It’s 2018. What’s the most revolutionary development in fashion over the past few years? Is it the check and plaid mania? Or maybe the shirtdress or the oversized, lightweight dress? Maybe it’s the apron and baby doll dresses that have entered the summer wardrobe (from the Halloween wardrobe)? The real answer to that question is data or much rather, the explosion of data that fashion houses are exposed to and the millions of ways that data can be interpreted and acted upon over the last few years. Shoppers these days are connected all the time, mobile ubiquity provides them the freedom to browse, research and shop where they want. You no longer need a customer to fill out a survey post their purchase, at a store, to understand who they are or what they like. You are now able to effectively build a profile of a customer using third party data sources like Instagram likes, for example, and get a pretty good understanding of their lifestyle before marketing to them.
If you looked at the fashion landscape and who’s really making the moolah, names like Amazon crops up. This is not right? They are not blue blood fashion retailer? Yet they are able to sell more fashion products than almost 40% of fashion retailers put together? They don’t have Giorgio Armani or a Coco Chanel suggesting what is the right outfit for every single customer? They don’t have a celebrity makeover team that is suggesting what color top a mother needs to wear to a soccer game? What they are good at is collecting data, deriving insights out of that data and acting on that data by putting the right product in front of the customer, at the right time, on the right channel.

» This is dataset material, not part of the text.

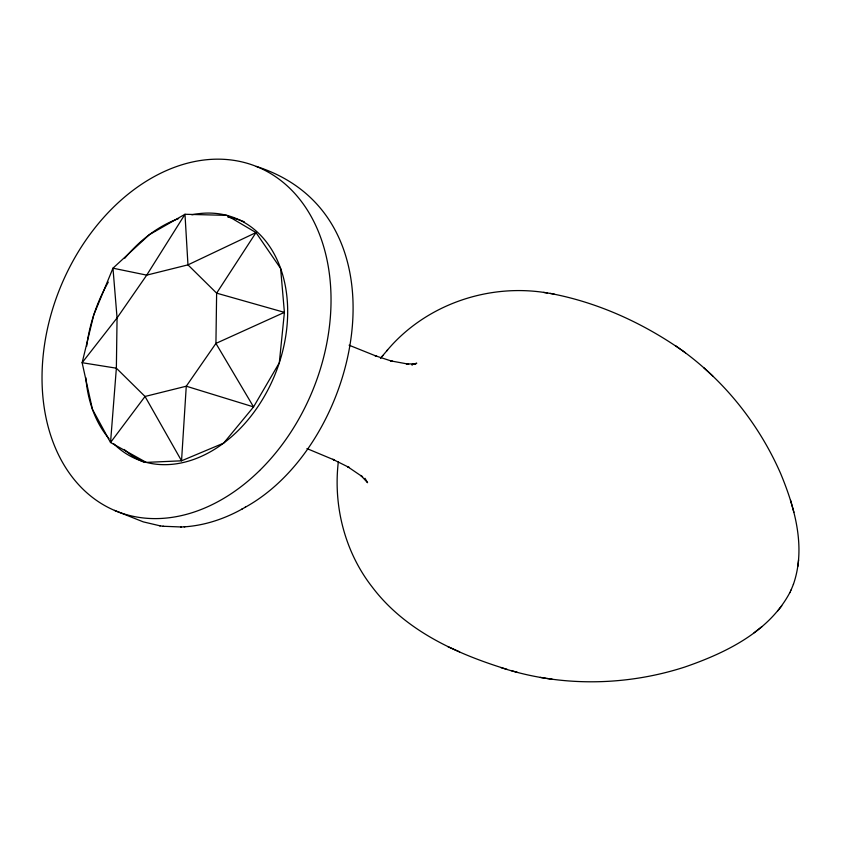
<?xml version="1.0" encoding="UTF-8"?>
<svg xmlns="http://www.w3.org/2000/svg" width="841" height="841" viewBox="0 0 841 841"><rect width="100%" height="100%" fill="white"/><g stroke="black" fill="none" stroke-linecap="round" stroke-linejoin="round"><path stroke-width="1.26" d="M245.015 507.386C360.726 443.848 410.376 215.401 256.295 166.423M793.389 584.379C806.13 547.764 794.892 507.806 780.585 473.42C759.076 424.316 724.522 380.794 680.905 349.52M338.334 461.772C333.099 505.935 344.863 552.222 372.458 587.344C405.215 630.613 456.579 653.899 507.144 669.394M797.878 566.329L798.593 559.938M793.462 584.18L791.118 589.93M500.742 667.512C560.148 687.044 625.567 686.235 684.931 666.997C725.489 652.973 769.031 632.022 789.962 592.369M789.794 592.726L791.202 589.751M380.489 358.445L382.876 355.47M781.783 605.783L777.83 610.808M386.597 351.065C425.062 304.747 488.526 282.881 547.544 293.004M381.972 356.542L387.606 349.867M754.062 632.8L762.02 626.534M184.221 526.844C204.563 525.53 224.347 518.929 242.092 509.047M241.588 509.331L245.498 507.112M412.174 364.605L414.098 363.838L412.143 364.584M412.101 364.647L416.779 363.228L411.827 364.616M411.659 364.658L416.179 363.564L412.616 364.248L415.233 363.838L406.382 363.974L408.642 364.174L390.645 360.873L392.631 361.451L375.023 355.69L376.915 356.384L349.089 345.199M162.954 526.245L181.383 526.992M180.741 527.034L184.873 526.813M114.45 510.382L143.254 521.862L160.232 525.867M159.59 525.783L163.585 526.329M550.13 293.414C598.855 302.539 645.268 324.006 685.478 352.81M543.58 292.395L554.135 294.024M540.216 677.383L545.82 678.267M546.734 678.393L552.285 679.265M511.149 670.54L517.509 672.411M306.923 448.558L334.592 460.122L332.752 459.302L349.341 467.554L347.512 466.597L362.66 476.91L360.894 475.47L367.57 482.713L364.994 478.266M447.811 646.613L453.488 649.136M453.909 649.336L459.596 651.859M675.533 345.704L680.148 349.015M703.854 367.78L708.154 371.733M708.595 372.174L712.832 376.074M793.883 512.295L790.487 500.038M144.358 462.34A130.229 95.401 -67.7 0 1 124.163 449.451M227.911 217.178A130.229 95.401 -67.7 0 1 244.321 221.835M191.864 214.791A130.229 95.401 -67.7 0 1 278.571 364.994A130.229 95.401 -67.7 0 1 113.798 443.838M108.973 438.624A130.229 95.401 -67.7 0 1 85.835 377.693M86.665 346.25A130.229 95.401 -67.7 0 1 108.289 282.134M124.815 258.198A130.229 95.401 -67.7 0 1 178.628 218.565M117.067 317.93L116.363 368.19L110.539 442.503L146.239 462.392L181.54 460.805L223.643 443.133L253.561 406.907L279.307 362.797L284.405 312.368L280.621 268.458L256 232.579L226.818 215.37L184.988 214.276L149.414 234.628L112.967 268.184L93.75 314.965L82.134 362.713L92.436 409.304L110.539 442.503L145.03 396.468L186.271 386.208L253.561 406.907L215.927 343.412L216.631 293.152L256 232.579L187.964 264.862L146.723 275.133L112.967 268.184L117.067 317.93L82.134 362.713L116.363 368.19L145.03 396.468L181.54 460.805L186.271 386.208L215.927 343.412L284.405 312.368L216.631 293.152L187.964 264.862L184.988 214.276L146.723 275.133L117.067 317.93M259.627 470.529A186.04 136.284 -67.7 0 0 257.924 167.096A186.04 136.284 -67.7 0 0 42.029 379.018A186.04 136.284 -67.7 0 0 259.627 470.529"/></g></svg>

You would assume that in this day and age, with all the power that data brings, increasing traffic to the store and getting customers to buy online should be fairly simple. Not really. The top challenges that fashion retailers are facing today when it comes increasing traffic are similar across the board and can be categorized into four main buckets:
- They don’t understand the customer and what interests them. They are simply unable to the catch signals online and off.
- Their customers don’t get context-aware, personalized communications.
- They are not giving enough reasons for the customer to keep coming back. Their loyalty campaigns are limited to a quarterly newsletter blast for example.
- They are unable to identify when a customer is ready to buy and lure them with offers that might attract that specific microsegment of customers.
To overcome these challenges the basic investment that’s needed for a fashion business is a Customer Data Platform (CDP) that gathers information from various sources like POS Systems, Online activity, Loyalty programs, CRM systems, third party data sources, etc. Once you have that in place, here are 5 ways you can exploit the insights and predictions to increase traffic to your store (online and off).
- Customer Life-cycle Marketing – Get the basics sorted. Create segments that you can use to put a label on every one of your current/ past customers. This could be based on where the customer is in their relationship with the brand, for example: just acquired, first-purchase, repeat buyer, loyal, wavering, churn.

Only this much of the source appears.